Донован отдал свое пальто Тому, потом стал рассматривать коллекцию фотографий. Кейт и ее четыре давние подружки. Рядом – фото Тома и мужчины с рыжей бородой, очень худого, но с чудесной улыбкой. Должно быть, это был Мик. Здесь имелись фотографии всех членов семьи и друзей, включая незнакомых Доновану. Но ни одной – бывшего мужа.

В промежутках между фотографиями красовались грамоты от различных общественных организаций. Очевидно, Кейт часть времени и сил посвящала тому, чтобы разрабатывать дизайн, например, детских игровых площадок.

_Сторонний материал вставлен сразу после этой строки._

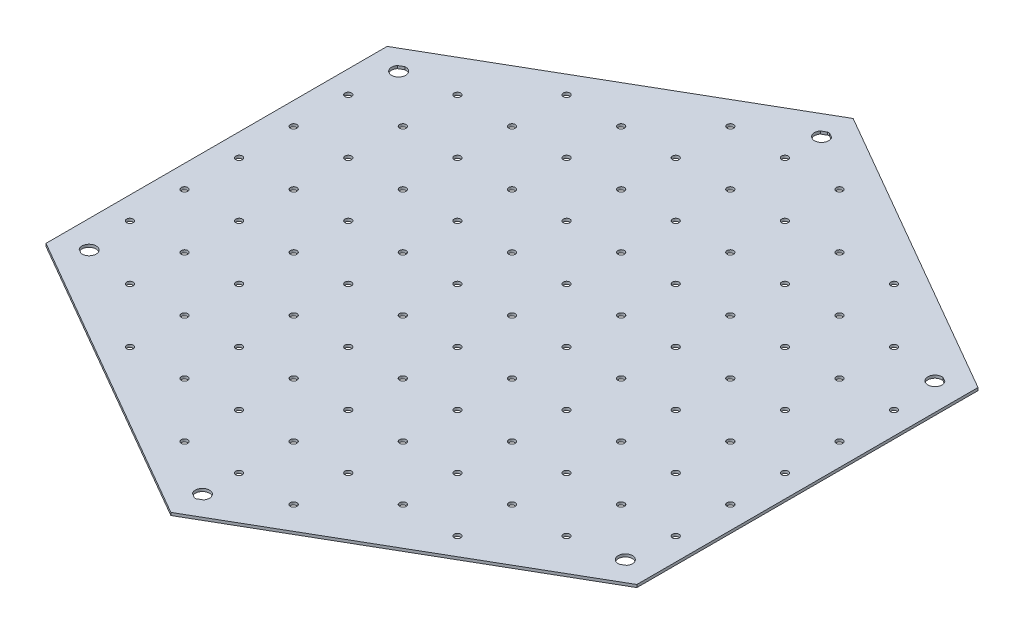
ISO-10303-21;
HEADER;
FILE_DESCRIPTION(('STEP AP214'),'2;1');
FILE_NAME('part.step','',(''),(''),'','','');
FILE_SCHEMA(('AUTOMOTIVE_DESIGN { 1 0 10303 214 1 1 1 1 }'));
ENDSEC;
DATA;
#1=APPLICATION_CONTEXT('core data for automotive mechanical design processes');
#2=APPLICATION_PROTOCOL_DEFINITION('international standard','automotive_design',2000,#1);
#3=PRODUCT_CONTEXT('',#1,'mechanical');
#4=PRODUCT('Part','Part','',(#3));
#5=PRODUCT_RELATED_PRODUCT_CATEGORY('part','',(#4));
#6=PRODUCT_DEFINITION_FORMATION('','',#4);
#7=PRODUCT_DEFINITION_CONTEXT('part definition',#1,'design');
#8=PRODUCT_DEFINITION('design','',#6,#7);
#9=PRODUCT_DEFINITION_SHAPE('','',#8);
#10=(LENGTH_UNIT() NAMED_UNIT(*) SI_UNIT(.MILLI.,.METRE.));
#11=(NAMED_UNIT(*) PLANE_ANGLE_UNIT() SI_UNIT($,.RADIAN.));
#12=(NAMED_UNIT(*) SI_UNIT($,.STERADIAN.) SOLID_ANGLE_UNIT());
#13=UNCERTAINTY_MEASURE_WITH_UNIT(LENGTH_MEASURE(1.E-05),#10,'distance_accuracy_value','');
#14=(GEOMETRIC_REPRESENTATION_CONTEXT(3) GLOBAL_UNCERTAINTY_ASSIGNED_CONTEXT((#13)) GLOBAL_UNIT_ASSIGNED_CONTEXT((#10,
#11,#12)) REPRESENTATION_CONTEXT('',''));
#15=CARTESIAN_POINT('',(0.,0.,0.));
#16=DIRECTION('',(0.,0.,1.));
#17=DIRECTION('',(1.,0.,0.));
#18=AXIS2_PLACEMENT_3D('',#15,#16,#17);
#19=CARTESIAN_POINT('',(0.,0.,56.7264973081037));
#20=DIRECTION('',(0.,1.,0.));
#21=DIRECTION('',(0.,0.,1.));
#22=AXIS2_PLACEMENT_3D('',#19,#20,#21);
#23=CYLINDRICAL_SURFACE('',#22,1.3);
#24=CARTESIAN_POINT('',(0.,0.5,56.7264973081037));
#25=DIRECTION('',(0.,1.,0.));
#26=DIRECTION('',(0.,0.,1.));
#27=AXIS2_PLACEMENT_3D('',#24,#25,#26);
#28=CIRCLE('',#27,1.3);
#29=CARTESIAN_POINT('',(1.03301270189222,0.5,57.5157277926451));
#30=VERTEX_POINT('',#29);
#31=CARTESIAN_POINT('',(-1.0330127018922,0.5,57.5157277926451));
#32=VERTEX_POINT('',#31);
#33=EDGE_CURVE('E257',#30,#32,#28,.T.);
#34=ORIENTED_EDGE('',*,*,#33,.T.);
#35=DIRECTION('',(0.,1.,0.));
#36=VECTOR('',#35,1.);
#37=CARTESIAN_POINT('',(-1.0330127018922,0.,57.5157277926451));
#38=LINE('',#37,#36);
#39=CARTESIAN_POINT('',(-1.0330127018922,0.,57.5157277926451));
#40=VERTEX_POINT('',#39);
#41=EDGE_CURVE('E11',#32,#40,#38,.F.);
#42=ORIENTED_EDGE('',*,*,#41,.T.);
#43=CARTESIAN_POINT('',(0.,0.,56.7264973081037));
#44=DIRECTION('',(0.,1.,0.));
#45=DIRECTION('',(0.,0.,1.));
#46=AXIS2_PLACEMENT_3D('',#43,#44,#45);
#47=CIRCLE('',#46,1.3);
#48=CARTESIAN_POINT('',(1.03301270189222,0.,57.5157277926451));
#49=VERTEX_POINT('',#48);
#50=EDGE_CURVE('E256',#49,#40,#47,.T.);
#51=ORIENTED_EDGE('',*,*,#50,.F.);
#52=DIRECTION('',(0.,1.,0.));
#53=VECTOR('',#52,1.);
#54=CARTESIAN_POINT('',(1.03301270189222,0.,57.5157277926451));
#55=LINE('',#54,#53);
#56=EDGE_CURVE('E211',#49,#30,#55,.T.);
#57=ORIENTED_EDGE('',*,*,#56,.T.);
#58=EDGE_LOOP('',(#34,#42,#51,#57));
#59=FACE_BOUND('',#58,.T.);
#60=ADVANCED_FACE('F33',(#59),#23,.F.);
#61=CARTESIAN_POINT('',(0.,0.,-56.7264973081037));
#62=DIRECTION('',(0.,1.,0.));
#63=DIRECTION('',(0.,0.,1.));
#64=AXIS2_PLACEMENT_3D('',#61,#62,#63);
#65=CYLINDRICAL_SURFACE('',#64,1.3);
#66=CARTESIAN_POINT('',(0.,0.5,-56.7264973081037));
#67=DIRECTION('',(0.,1.,0.));
#68=DIRECTION('',(0.,0.,1.));
#69=AXIS2_PLACEMENT_3D('',#66,#67,#68);
#70=CIRCLE('',#69,1.3);
#71=CARTESIAN_POINT('',(-1.03301270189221,0.5,-57.5157277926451));
#72=VERTEX_POINT('',#71);
#73=CARTESIAN_POINT('',(1.03301270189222,0.5,-57.5157277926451));
#74=VERTEX_POINT('',#73);
#75=EDGE_CURVE('E273',#72,#74,#70,.T.);
#76=ORIENTED_EDGE('',*,*,#75,.T.);
#77=DIRECTION('',(0.,1.,0.));
#78=VECTOR('',#77,1.);
#79=CARTESIAN_POINT('',(1.03301270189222,0.,-57.5157277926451));
#80=LINE('',#79,#78);
#81=CARTESIAN_POINT('',(1.03301270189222,0.,-57.5157277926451));
#82=VERTEX_POINT('',#81);
#83=EDGE_CURVE('E231',#74,#82,#80,.F.);
#84=ORIENTED_EDGE('',*,*,#83,.T.);
#85=CARTESIAN_POINT('',(0.,0.,-56.7264973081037));
#86=DIRECTION('',(0.,1.,0.));
#87=DIRECTION('',(0.,0.,1.));
#88=AXIS2_PLACEMENT_3D('',#85,#86,#87);
#89=CIRCLE('',#88,1.3);
#90=CARTESIAN_POINT('',(-1.03301270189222,0.,-57.5157277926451));
#91=VERTEX_POINT('',#90);
#92=EDGE_CURVE('E268',#91,#82,#89,.T.);
#93=ORIENTED_EDGE('',*,*,#92,.F.);
#94=DIRECTION('',(0.,1.,0.));
#95=VECTOR('',#94,1.);
#96=CARTESIAN_POINT('',(-1.03301270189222,0.,-57.5157277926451));
#97=LINE('',#96,#95);
#98=EDGE_CURVE('E241',#91,#72,#97,.T.);
#99=ORIENTED_EDGE('',*,*,#98,.T.);
#100=EDGE_LOOP('',(#76,#84,#93,#99));
#101=FACE_BOUND('',#100,.T.);
#102=ADVANCED_FACE('F914',(#101),#65,.F.);
#103=CARTESIAN_POINT('',(0.,0.5,0.));
#104=DIRECTION('',(0.,1.,0.));
#105=DIRECTION('',(0.,0.,1.));
#106=AXIS2_PLACEMENT_3D('',#103,#104,#105);
#107=PLANE('',#106);
#108=CARTESIAN_POINT('',(-0.166987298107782,0.5,58.0157277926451));
#109=VERTEX_POINT('',#108);
#110=CARTESIAN_POINT('',(0.16698729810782,0.5,58.0157277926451));
#111=VERTEX_POINT('',#110);
#112=EDGE_CURVE('E251',#109,#111,#28,.T.);
#113=ORIENTED_EDGE('',*,*,#112,.F.);
#114=DIRECTION('',(-0.866025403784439,0.,-0.5));
#115=VECTOR('',#114,1.);
#116=CARTESIAN_POINT('',(-54.1265877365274,0.5,26.8621379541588));
#117=LINE('',#116,#115);
#118=EDGE_CURVE('E204',#109,#32,#117,.T.);
#119=ORIENTED_EDGE('',*,*,#118,.T.);
#120=ORIENTED_EDGE('',*,*,#33,.F.);
#121=DIRECTION('',(-0.866025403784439,0.,0.5));
#122=VECTOR('',#121,1.);
#123=CARTESIAN_POINT('',(0.,0.5,58.1121379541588));
#124=LINE('',#123,#122);
#125=EDGE_CURVE('E201',#30,#111,#124,.T.);
#126=ORIENTED_EDGE('',*,*,#125,.T.);
#127=EDGE_LOOP('',(#113,#119,#120,#126));
#128=FACE_BOUND('',#127,.T.);
#129=CARTESIAN_POINT('',(-49.1265877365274,0.5,28.3632486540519));
#130=DIRECTION('',(0.,1.,0.));
#131=DIRECTION('',(0.,0.,1.));
#132=AXIS2_PLACEMENT_3D('',#129,#130,#131);
#133=CIRCLE('',#132,1.3);
#134=CARTESIAN_POINT('',(-49.2935750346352,0.5,29.6524791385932));
#135=VERTEX_POINT('',#134);
#136=CARTESIAN_POINT('',(-50.1596004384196,0.5,29.1524791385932));
#137=VERTEX_POINT('',#136);
#138=EDGE_CURVE('E48',#135,#137,#133,.T.);
#139=ORIENTED_EDGE('',*,*,#138,.F.);
#140=EDGE_CURVE('E200',#135,#137,#117,.T.);
#141=ORIENTED_EDGE('',*,*,#140,.T.);
#142=EDGE_LOOP('',(#139,#141));
#143=FACE_BOUND('',#142,.T.);
#144=DIRECTION('',(0.,0.,1.));
#145=VECTOR('',#144,1.);
#146=CARTESIAN_POINT('',(-54.1265877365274,0.5,-31.25));
#147=LINE('',#146,#145);
#148=CARTESIAN_POINT('',(-54.1265877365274,0.5,-31.25));
#149=VERTEX_POINT('',#148);
#150=CARTESIAN_POINT('',(-54.1265877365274,0.5,31.25));
#151=VERTEX_POINT('',#150);
#152=EDGE_CURVE('E814',#149,#151,#147,.T.);
#153=ORIENTED_EDGE('',*,*,#152,.T.);
#154=DIRECTION('',(0.866025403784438,0.,0.5));
#155=VECTOR('',#154,1.);
#156=CARTESIAN_POINT('',(-54.1265877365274,0.5,31.25));
#157=LINE('',#156,#155);
#158=CARTESIAN_POINT('',(0.,0.5,62.5));
#159=VERTEX_POINT('',#158);
#160=EDGE_CURVE('E816',#151,#159,#157,.T.);
#161=ORIENTED_EDGE('',*,*,#160,.T.);
#162=DIRECTION('',(0.866025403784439,0.,-0.5));
#163=VECTOR('',#162,1.);
#164=CARTESIAN_POINT('',(0.,0.5,62.5));
#165=LINE('',#164,#163);
#166=CARTESIAN_POINT('',(54.1265877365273,0.5,31.25));
#167=VERTEX_POINT('',#166);
#168=EDGE_CURVE('E818',#159,#167,#165,.T.);
#169=ORIENTED_EDGE('',*,*,#168,.T.);
#170=DIRECTION('',(0.,0.,-1.));
#171=VECTOR('',#170,1.);
#172=CARTESIAN_POINT('',(54.1265877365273,0.5,31.25));
#173=LINE('',#172,#171);
#174=CARTESIAN_POINT('',(54.1265877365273,0.5,-31.25));
#175=VERTEX_POINT('',#174);
#176=EDGE_CURVE('E820',#167,#175,#173,.T.);
#177=ORIENTED_EDGE('',*,*,#176,.T.);
#178=DIRECTION('',(-0.866025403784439,0.,-0.5));
#179=VECTOR('',#178,1.);
#180=CARTESIAN_POINT('',(54.1265877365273,0.5,-31.25));
#181=LINE('',#180,#179);
#182=CARTESIAN_POINT('',(0.,0.5,-62.5));
#183=VERTEX_POINT('',#182);
#184=EDGE_CURVE('E809',#175,#183,#181,.T.);
#185=ORIENTED_EDGE('',*,*,#184,.T.);
#186=DIRECTION('',(-0.866025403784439,0.,0.5));
#187=VECTOR('',#186,1.);
#188=CARTESIAN_POINT('',(0.,0.5,-62.5));
#189=LINE('',#188,#187);
#190=EDGE_CURVE('E811',#183,#149,#189,.T.);
#191=ORIENTED_EDGE('',*,*,#190,.T.);
#192=EDGE_LOOP('',(#153,#161,#169,#177,#185,#191));
#193=FACE_BOUND('',#192,.T.);
#194=CARTESIAN_POINT('',(49.1265877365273,0.5,28.3632486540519));
#195=DIRECTION('',(0.,1.,0.));
#196=DIRECTION('',(0.,0.,1.));
#197=AXIS2_PLACEMENT_3D('',#194,#195,#196);
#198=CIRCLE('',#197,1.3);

Войдя в комнату, Кейт подала ему прозрачную чашечку с кофе, украшенным сверху взбитыми сливками.

– Надеюсь, вам с Томом удалось зарыть топор войны, не метнув его в спины друг другу?

– Да. Хорошо, что мы разобрались во всем.

Они присоединились к Лиз и Тому.

Вечеринка закончилась в половине десятого. Том и Лиз ушли. Попрощавшись с ними, Кейт вышла на маленький балкончик.

– Не могу себе представить Сан-Франциско без холмов. Когда я впервые сюда приехала, я все гадала: как люди ходят по этим крутым улочкам, когда гололед?

– Меня тоже это заинтересовало. Наверное, ответ такой – здесь не бывает гололеда.

– Правильно. – Она повернулась к Доновану, лицо ее было серьезным. – Я выйду ненадолго. Мне надо кое с кем повидаться.

Он напрягся.

– С твоим другом.

– Верно. – Кейт сняла с гнутой викторианской вешалки пальто. – Я не задержусь.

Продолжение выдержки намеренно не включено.